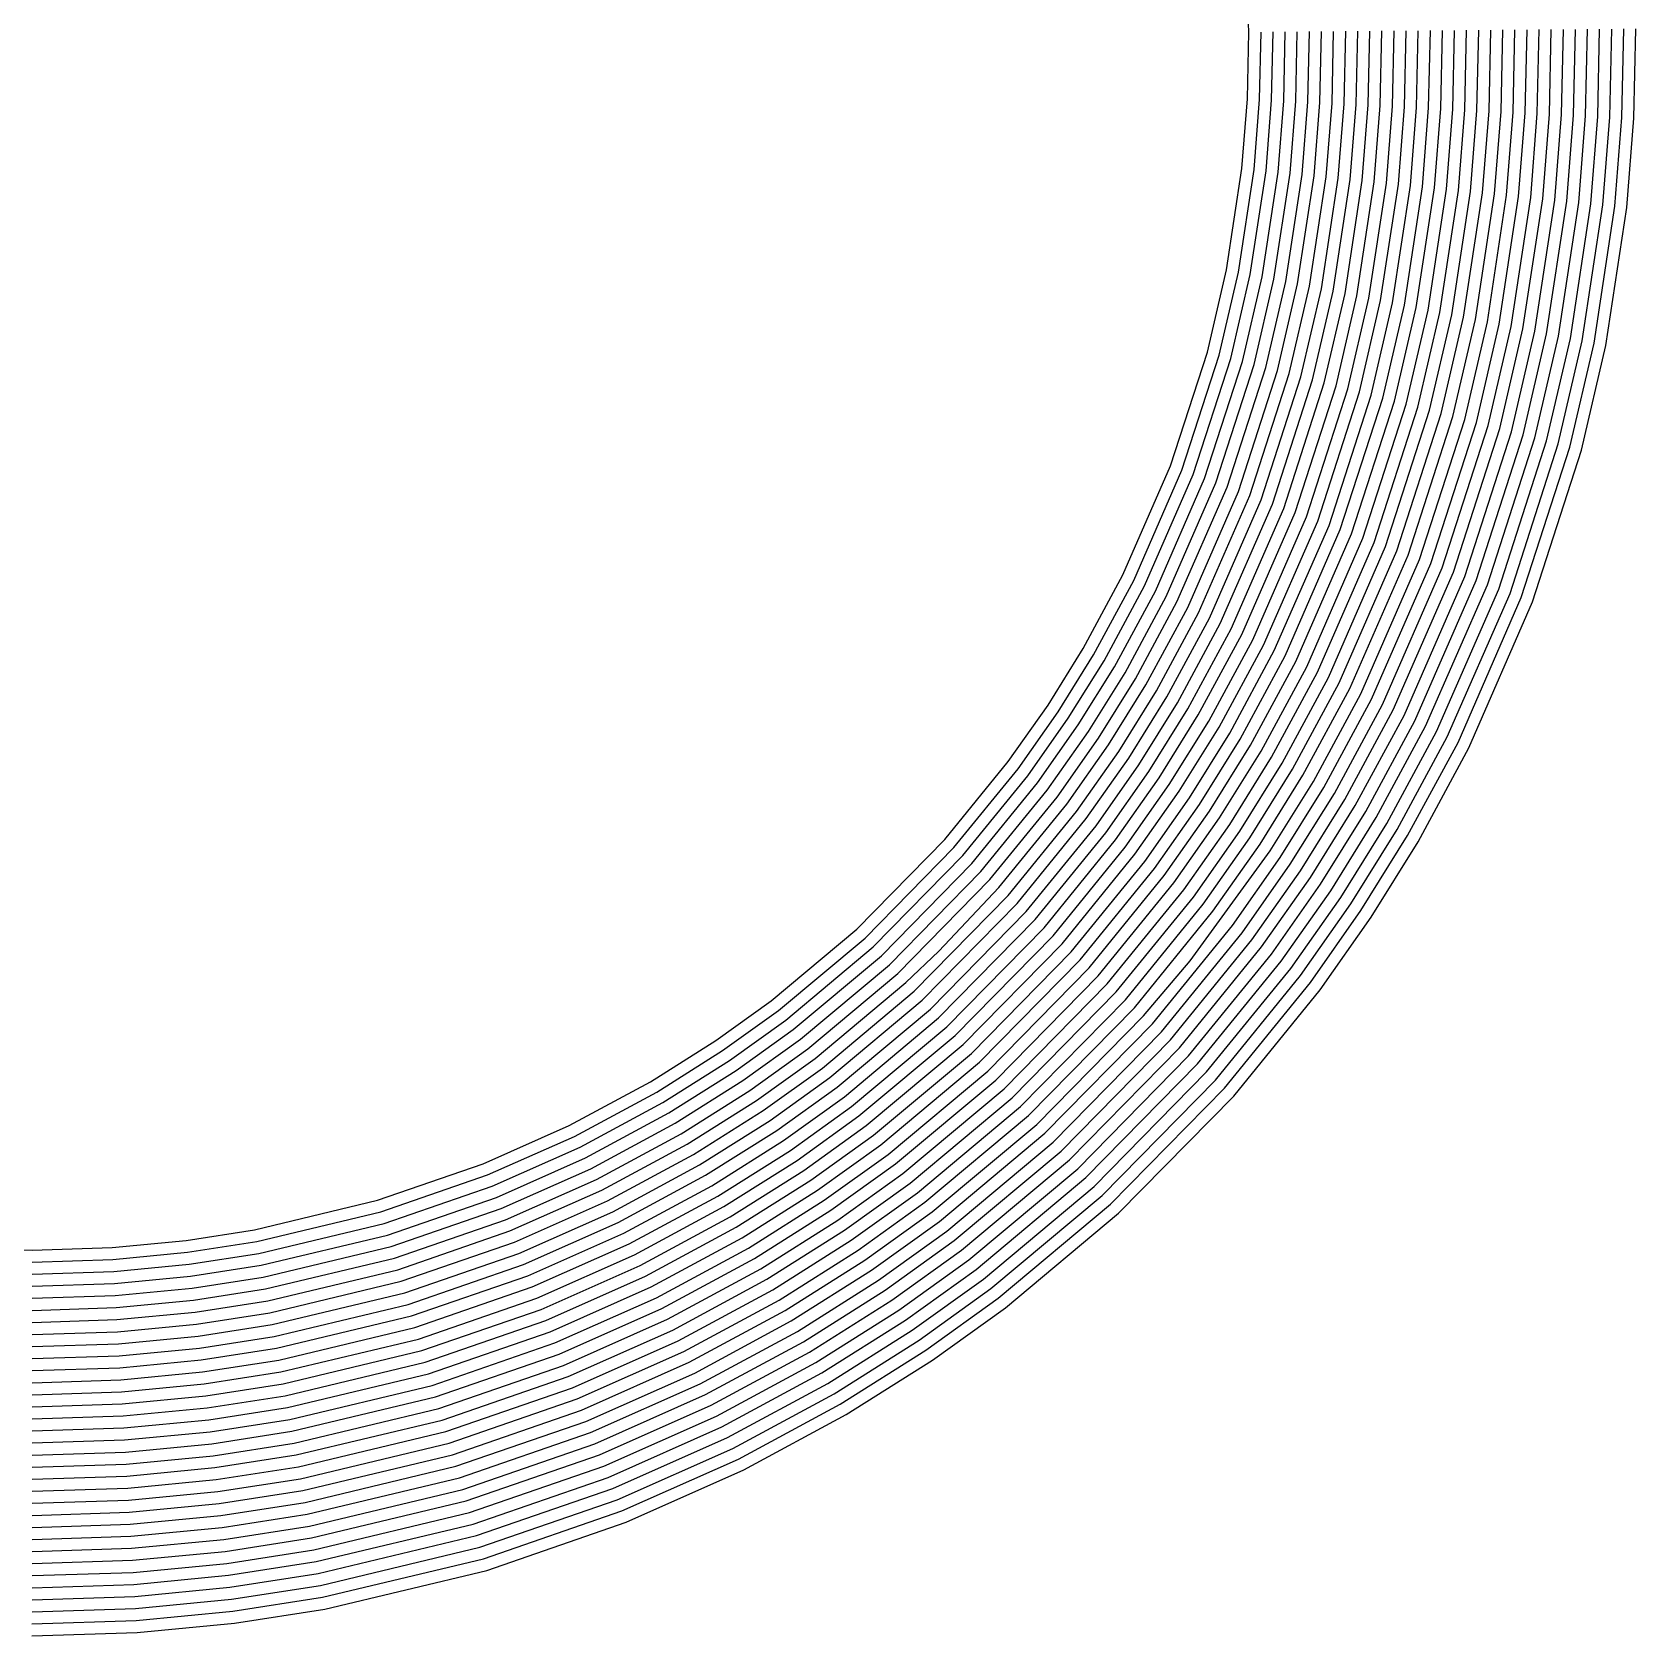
# Model space of a CAD drawing. Header units: metres. Extents: x -19 to 19, y -19.6 to 19.6.
# Drawn here: x -14.998 to -11.018, y 11.714 to 15.694 of the extents above; entities that cross this region are included whole.
import ezdxf

# ---------------------------------------------------------------- set-up
doc = ezdxf.new("R2010")
doc.units = ezdxf.units.M

msp = doc.modelspace()

# ---------------------------------------------------------------- linework, layer by layer
for p, q in [((-11.978395, 15.694299, -0.048386), (-11.986495, 15.899369, -0.069088)), ((-11.982087, 15.528561, -0.031896), (-11.978395, 15.694299, -0.048386)), ((-11.952113, 15.527062, -0.03175), (-11.948382, 15.694554, -0.048414)), ((-11.922139, 15.525564, -0.031603), (-11.918369, 15.69481, -0.048441)), ((-11.892165, 15.524065, -0.031457), (-11.888356, 15.695065, -0.048469)), ((-11.862191, 15.522567, -0.03131), (-11.858343, 15.69532, -0.048497)), ((-11.832217, 15.521069, -0.031164), (-11.82833, 15.695576, -0.048524)), ((-11.802243, 15.51957, -0.031018), (-11.798317, 15.695831, -0.048552)), ((-11.772269, 15.518072, -0.030871), (-11.768304, 15.696087, -0.048579)), ((-11.742295, 15.516573, -0.030725), (-11.738291, 15.696342, -0.048607)), ((-11.712321, 15.515075, -0.030578), (-11.708278, 15.696597, -0.048634)), ((-11.682347, 15.513576, -0.030432), (-11.678265, 15.696853, -0.048662)), ((-11.652373, 15.512078, -0.030285), (-11.648252, 15.697108, -0.048689)), ((-11.622399, 15.51058, -0.030139), (-11.618239, 15.697363, -0.048717)), ((-11.592425, 15.509081, -0.029992), (-11.588226, 15.697619, -0.048745)), ((-11.562451, 15.507583, -0.029846), (-11.558213, 15.697874, -0.048772)), ((-11.532477, 15.506084, -0.0297), (-11.5282, 15.69813, -0.0488)), ((-11.502503, 15.504586, -0.029553), (-11.498186, 15.698385, -0.048827)), ((-11.472529, 15.503087, -0.029407), (-11.468173, 15.69864, -0.048855)), ((-11.442555, 15.501589, -0.02926), (-11.43816, 15.698896, -0.048882)), ((-11.412581, 15.500091, -0.029114), (-11.408147, 15.699151, -0.04891)), ((-11.382607, 15.498592, -0.028967), (-11.378134, 15.699407, -0.048938)), ((-11.352633, 15.497094, -0.028821), (-11.348121, 15.699662, -0.048965)), ((-11.322659, 15.495595, -0.028675), (-11.318108, 15.699917, -0.048993)), ((-11.292685, 15.494097, -0.028528), (-11.288095, 15.700173, -0.04902)), ((-11.262711, 15.492598, -0.028382), (-11.258082, 15.700428, -0.049048)), ((-11.232737, 15.4911, -0.028235), (-11.228069, 15.700684, -0.049075)), ((-11.202763, 15.489601, -0.028089), (-11.198056, 15.700939, -0.049103)), ((-11.172789, 15.488103, -0.027942), (-11.168043, 15.701194, -0.04913)), ((-11.142815, 15.486605, -0.027796), (-11.13803, 15.70145, -0.049158)), ((-11.112841, 15.485106, -0.027649), (-11.108017, 15.701705, -0.049186)), ((-11.082867, 15.483608, -0.027503), (-11.078004, 15.701961, -0.049213)), ((-11.052893, 15.482109, -0.027357), (-11.047991, 15.702216, -0.049241)), ((-11.022919, 15.480611, -0.02721), (-11.017978, 15.702471, -0.049268)), ((-11.995664, 15.356161, -0.01494), (-11.982087, 15.528561, -0.031896)), ((-11.96581, 15.353133, -0.014646), (-11.952113, 15.527062, -0.03175)), ((-11.935957, 15.350104, -0.014351), (-11.922139, 15.525564, -0.031603)), ((-11.906103, 15.347075, -0.014057), (-11.892165, 15.524065, -0.031457)), ((-11.87625, 15.344046, -0.013763), (-11.862191, 15.522567, -0.03131)), ((-11.846396, 15.341017, -0.013469), (-11.832217, 15.521069, -0.031164)), ((-11.816543, 15.337988, -0.013175), (-11.802243, 15.51957, -0.031018)), ((-11.786689, 15.334959, -0.012881), (-11.772269, 15.518072, -0.030871)), ((-11.756836, 15.33193, -0.012587), (-11.742295, 15.516573, -0.030725)), ((-11.726982, 15.328901, -0.012293), (-11.712321, 15.515075, -0.030578)), ((-11.697129, 15.325872, -0.011998), (-11.682347, 15.513576, -0.030432)), ((-11.667275, 15.322843, -0.011704), (-11.652373, 15.512078, -0.030285)), ((-11.637422, 15.319814, -0.01141), (-11.622399, 15.51058, -0.030139)), ((-11.607568, 15.316785, -0.011116), (-11.592425, 15.509081, -0.029992)), ((-11.577715, 15.313756, -0.010822), (-11.562451, 15.507583, -0.029846)), ((-11.547861, 15.310728, -0.010528), (-11.532477, 15.506084, -0.0297)), ((-11.518008, 15.307699, -0.010234), (-11.502503, 15.504586, -0.029553)), ((-11.488154, 15.30467, -0.00994), (-11.472529, 15.503087, -0.029407)), ((-11.458301, 15.301641, -0.009646), (-11.442555, 15.501589, -0.02926)), ((-11.428447, 15.298612, -0.009351), (-11.412581, 15.500091, -0.029114)), ((-11.398594, 15.295583, -0.009057), (-11.382607, 15.498592, -0.028967)), ((-11.36874, 15.292554, -0.008763), (-11.352633, 15.497094, -0.028821)), ((-11.338887, 15.289525, -0.008469), (-11.322659, 15.495595, -0.028675)), ((-11.309034, 15.286496, -0.008175), (-11.292685, 15.494097, -0.028528)), ((-11.27918, 15.283467, -0.007881), (-11.262711, 15.492598, -0.028382)), ((-11.249327, 15.280438, -0.007587), (-11.232737, 15.4911, -0.028235)), ((-11.219473, 15.277409, -0.007293), (-11.202763, 15.489601, -0.028089)), ((-11.18962, 15.27438, -0.006999), (-11.172789, 15.488103, -0.027942)), ((-11.159766, 15.271351, -0.006704), (-11.142815, 15.486605, -0.027796)), ((-11.129913, 15.268323, -0.00641), (-11.112841, 15.485106, -0.027649)), ((-11.100059, 15.265294, -0.006116), (-11.082867, 15.483608, -0.027503)), ((-11.070206, 15.262265, -0.005822), (-11.052893, 15.482109, -0.027357)), ((-11.040352, 15.259236, -0.005528), (-11.022919, 15.480611, -0.02721)), ((-12.034045, 15.104577, 0.009469), (-11.995664, 15.356161, -0.01494)), ((-12.004619, 15.098698, 0.010029), (-11.96581, 15.353133, -0.014646)), ((-11.975193, 15.092818, 0.010589), (-11.935957, 15.350104, -0.014351)), ((-11.945766, 15.086939, 0.011149), (-11.906103, 15.347075, -0.014057)), ((-11.91634, 15.08106, 0.011709), (-11.87625, 15.344046, -0.013763)), ((-11.886914, 15.075181, 0.012269), (-11.846396, 15.341017, -0.013469)), ((-11.857488, 15.069302, 0.012829), (-11.816543, 15.337988, -0.013175)), ((-11.828062, 15.063423, 0.013389), (-11.786689, 15.334959, -0.012881)), ((-11.798636, 15.057544, 0.013949), (-11.756836, 15.33193, -0.012587)), ((-11.76921, 15.051665, 0.014509), (-11.726982, 15.328901, -0.012293)), ((-11.739783, 15.045786, 0.015069), (-11.697129, 15.325872, -0.011998)), ((-11.710357, 15.039907, 0.015629), (-11.667275, 15.322843, -0.011704)), ((-11.680931, 15.034028, 0.016189), (-11.637422, 15.319814, -0.01141)), ((-11.651505, 15.028148, 0.016749), (-11.607568, 15.316785, -0.011116)), ((-11.622079, 15.022269, 0.017309), (-11.577715, 15.313756, -0.010822)), ((-11.592653, 15.01639, 0.017869), (-11.547861, 15.310728, -0.010528)), ((-11.563227, 15.010511, 0.018429), (-11.518008, 15.307699, -0.010234)), ((-11.533801, 15.004632, 0.018989), (-11.488154, 15.30467, -0.00994)), ((-11.504374, 14.998753, 0.01955), (-11.458301, 15.301641, -0.009646)), ((-11.474948, 14.992874, 0.02011), (-11.428447, 15.298612, -0.009351)), ((-11.445522, 14.986995, 0.02067), (-11.398594, 15.295583, -0.009057)), ((-11.416096, 14.981116, 0.02123), (-11.36874, 15.292554, -0.008763)), ((-11.38667, 14.975237, 0.02179), (-11.338887, 15.289525, -0.008469)), ((-11.357244, 14.969358, 0.02235), (-11.309034, 15.286496, -0.008175)), ((-11.327818, 14.963478, 0.02291), (-11.27918, 15.283467, -0.007881)), ((-11.298392, 14.957599, 0.02347), (-11.249327, 15.280438, -0.007587)), ((-11.268965, 14.95172, 0.02403), (-11.219473, 15.277409, -0.007293)), ((-11.239539, 14.945841, 0.02459), (-11.18962, 15.27438, -0.006999)), ((-11.210113, 14.939962, 0.02515), (-11.159766, 15.271351, -0.006704)), ((-11.180687, 14.934083, 0.02571), (-11.129913, 15.268323, -0.00641)), ((-11.151261, 14.928204, 0.02627), (-11.100059, 15.265294, -0.006116)), ((-11.121835, 14.922325, 0.02683), (-11.070206, 15.262265, -0.005822)), ((-11.092409, 14.916446, 0.02739), (-11.040352, 15.259236, -0.005528)), ((-12.081643, 14.899804, 0.028997), (-12.034045, 15.104577, 0.009469)), ((-12.052613, 14.892217, 0.029709), (-12.004619, 15.098698, 0.010029)), ((-12.023584, 14.884631, 0.030421), (-11.975193, 15.092818, 0.010589)), ((-11.994554, 14.877044, 0.031132), (-11.945766, 15.086939, 0.011149)), ((-11.965525, 14.869458, 0.031844), (-11.91634, 15.08106, 0.011709)), ((-11.936495, 14.861871, 0.032556), (-11.886914, 15.075181, 0.012269)), ((-11.907466, 14.854284, 0.033268), (-11.857488, 15.069302, 0.012829)), ((-11.878436, 14.846698, 0.03398), (-11.828062, 15.063423, 0.013389)), ((-11.849407, 14.839111, 0.034691), (-11.798636, 15.057544, 0.013949)), ((-11.820377, 14.831525, 0.035403), (-11.76921, 15.051665, 0.014509)), ((-11.791348, 14.823938, 0.036115), (-11.739783, 15.045786, 0.015069)), ((-11.762318, 14.816352, 0.036827), (-11.710357, 15.039907, 0.015629)), ((-11.733289, 14.808765, 0.037538), (-11.680931, 15.034028, 0.016189)), ((-11.704259, 14.801179, 0.03825), (-11.651505, 15.028148, 0.016749)), ((-11.67523, 14.793592, 0.038962), (-11.622079, 15.022269, 0.017309)), ((-11.6462, 14.786005, 0.039674), (-11.592653, 15.01639, 0.017869)), ((-11.617171, 14.778419, 0.040385), (-11.563227, 15.010511, 0.018429)), ((-11.588141, 14.770832, 0.041097), (-11.533801, 15.004632, 0.018989)), ((-11.559112, 14.763246, 0.041809), (-11.504374, 14.998753, 0.01955)), ((-11.530082, 14.755659, 0.042521), (-11.474948, 14.992874, 0.02011)), ((-11.501053, 14.748073, 0.043233), (-11.445522, 14.986995, 0.02067)), ((-11.472023, 14.740486, 0.043944), (-11.416096, 14.981116, 0.02123)), ((-11.442994, 14.7329, 0.044656), (-11.38667, 14.975237, 0.02179)), ((-11.413965, 14.725313, 0.045368), (-11.357244, 14.969358, 0.02235)), ((-11.384935, 14.717726, 0.04608), (-11.327818, 14.963478, 0.02291)), ((-11.355906, 14.71014, 0.046791), (-11.298392, 14.957599, 0.02347)), ((-11.326876, 14.702553, 0.047503), (-11.268965, 14.95172, 0.02403)), ((-11.297847, 14.694967, 0.048215), (-11.239539, 14.945841, 0.02459)), ((-11.268817, 14.68738, 0.048927), (-11.210113, 14.939962, 0.02515)), ((-11.239788, 14.679794, 0.049638), (-11.180687, 14.934083, 0.02571)), ((-11.210758, 14.672207, 0.05035), (-11.151261, 14.928204, 0.02627)), ((-12.172767, 14.617823, 0.055487), (-12.081643, 14.899804, 0.028997)), ((-12.144691, 14.607271, 0.056453), (-12.052613, 14.892217, 0.029709)), ((-11.181729, 14.664621, 0.051062), (-11.121835, 14.922325, 0.02683)), ((-11.152699, 14.657034, 0.051774), (-11.092409, 14.916446, 0.02739)), ((-12.116614, 14.596719, 0.057419), (-12.023584, 14.884631, 0.030421)), ((-12.088538, 14.586167, 0.058385), (-11.994554, 14.877044, 0.031132)), ((-12.060462, 14.575614, 0.05935), (-11.965525, 14.869458, 0.031844)), ((-12.032386, 14.565062, 0.060316), (-11.936495, 14.861871, 0.032556)), ((-12.004309, 14.55451, 0.061282), (-11.907466, 14.854284, 0.033268)), ((-11.976233, 14.543958, 0.062248), (-11.878436, 14.846698, 0.03398)), ((-11.948157, 14.533406, 0.063214), (-11.849407, 14.839111, 0.034691)), ((-11.92008, 14.522854, 0.064179), (-11.820377, 14.831525, 0.035403)), ((-11.892004, 14.512301, 0.065145), (-11.791348, 14.823938, 0.036115)), ((-11.863928, 14.501749, 0.066111), (-11.762318, 14.816352, 0.036827)), ((-11.835852, 14.491197, 0.067077), (-11.733289, 14.808765, 0.037538)), ((-11.807775, 14.480645, 0.068042), (-11.704259, 14.801179, 0.03825)), ((-11.779699, 14.470093, 0.069008), (-11.67523, 14.793592, 0.038962)), ((-11.751623, 14.459541, 0.069974), (-11.6462, 14.786005, 0.039674)), ((-11.723546, 14.448988, 0.07094), (-11.617171, 14.778419, 0.040385)), ((-11.69547, 14.438436, 0.071906), (-11.588141, 14.770832, 0.041097)), ((-11.667394, 14.427884, 0.072871), (-11.559112, 14.763246, 0.041809)), ((-11.639318, 14.417332, 0.073837), (-11.530082, 14.755659, 0.042521)), ((-11.611241, 14.40678, 0.074803), (-11.501053, 14.748073, 0.043233)), ((-11.583165, 14.396228, 0.075769), (-11.472023, 14.740486, 0.043944)), ((-11.555089, 14.385675, 0.076734), (-11.442994, 14.7329, 0.044656)), ((-11.527012, 14.375123, 0.0777), (-11.413965, 14.725313, 0.045368)), ((-11.498936, 14.364571, 0.078666), (-11.384935, 14.717726, 0.04608)), ((-11.47086, 14.354019, 0.079632), (-11.355906, 14.71014, 0.046791)), ((-11.442784, 14.343467, 0.080598), (-11.326876, 14.702553, 0.047503)), ((-11.414707, 14.332915, 0.081563), (-11.297847, 14.694967, 0.048215)), ((-11.386631, 14.322362, 0.082529), (-11.268817, 14.68738, 0.048927)), ((-11.358555, 14.31181, 0.083495), (-11.239788, 14.679794, 0.049638)), ((-11.330478, 14.301258, 0.084461), (-11.210758, 14.672207, 0.05035)), ((-11.302402, 14.290706, 0.085426), (-11.181729, 14.664621, 0.051062)), ((-11.274326, 14.280154, 0.086392), (-11.152699, 14.657034, 0.051774)), ((-12.291112, 14.346949, 0.080372), (-12.172767, 14.617823, 0.055487)), ((-12.264283, 14.33355, 0.081571), (-12.144691, 14.607271, 0.056453)), ((-12.237454, 14.320152, 0.08277), (-12.116614, 14.596719, 0.057419)), ((-12.210625, 14.306753, 0.083968), (-12.088538, 14.586167, 0.058385)), ((-12.183795, 14.293355, 0.085167), (-12.060462, 14.575614, 0.05935)), ((-12.156966, 14.279956, 0.086366), (-12.032386, 14.565062, 0.060316)), ((-12.130137, 14.266558, 0.087565), (-12.004309, 14.55451, 0.061282)), ((-12.103308, 14.253159, 0.088764), (-11.976233, 14.543958, 0.062248)), ((-12.076478, 14.239761, 0.089963), (-11.948157, 14.533406, 0.063214)), ((-12.049649, 14.226362, 0.091162), (-11.92008, 14.522854, 0.064179)), ((-12.02282, 14.212964, 0.092361), (-11.892004, 14.512301, 0.065145)), ((-11.995991, 14.199565, 0.09356), (-11.863928, 14.501749, 0.066111)), ((-11.969162, 14.186167, 0.094759), (-11.835852, 14.491197, 0.067077)), ((-11.942332, 14.172768, 0.095958), (-11.807775, 14.480645, 0.068042)), ((-11.915503, 14.159369, 0.097157), (-11.779699, 14.470093, 0.069008)), ((-11.888674, 14.145971, 0.098356), (-11.751623, 14.459541, 0.069974)), ((-11.861845, 14.132572, 0.099555), (-11.723546, 14.448988, 0.07094)), ((-11.835015, 14.119174, 0.100754), (-11.69547, 14.438436, 0.071906)), ((-11.808186, 14.105775, 0.101953), (-11.667394, 14.427884, 0.072871)), ((-11.781357, 14.092377, 0.103152), (-11.639318, 14.417332, 0.073837)), ((-11.754528, 14.078978, 0.104351), (-11.611241, 14.40678, 0.074803)), ((-11.727699, 14.06558, 0.105549), (-11.583165, 14.396228, 0.075769)), ((-11.700869, 14.052181, 0.106748), (-11.555089, 14.385675, 0.076734)), ((-11.67404, 14.038783, 0.107947), (-11.527012, 14.375123, 0.0777)), ((-12.389922, 14.164181, 0.096905), (-12.291112, 14.346949, 0.080372)), ((-12.363943, 14.149208, 0.098218), (-12.264283, 14.33355, 0.081571)), ((-11.647211, 14.025384, 0.109146), (-11.498936, 14.364571, 0.078666)), ((-11.620382, 14.011986, 0.110345), (-11.47086, 14.354019, 0.079632)), ((-11.593552, 13.998587, 0.111544), (-11.442784, 14.343467, 0.080598)), ((-11.566723, 13.985189, 0.112743), (-11.414707, 14.332915, 0.081563)), ((-12.337963, 14.134235, 0.099537), (-12.237454, 14.320152, 0.08277)), ((-12.311984, 14.119262, 0.100856), (-12.210625, 14.306753, 0.083968)), ((-12.286005, 14.104289, 0.102175), (-12.183795, 14.293355, 0.085167)), ((-11.539894, 13.97179, 0.113942), (-11.386631, 14.322362, 0.082529)), ((-11.513065, 13.958392, 0.115141), (-11.358555, 14.31181, 0.083495)), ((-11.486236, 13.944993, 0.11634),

__Assignment__
Please set down exactly the lines from the first line of the data above through the line with "layer by layer", both included, leaving out the pictures.

__Response__
# Model space of a CAD drawing. Header units: metres. Extents: x -19 to 19, y -19.6 to 19.6.
# Drawn here: x -14.998 to -11.018, y 11.714 to 15.694 of the extents above; entities that cross this region are included whole.
import ezdxf

# ---------------------------------------------------------------- set-up
doc = ezdxf.new("R2010")
doc.units = ezdxf.units.M

msp = doc.modelspace()

# ---------------------------------------------------------------- linework, layer by layer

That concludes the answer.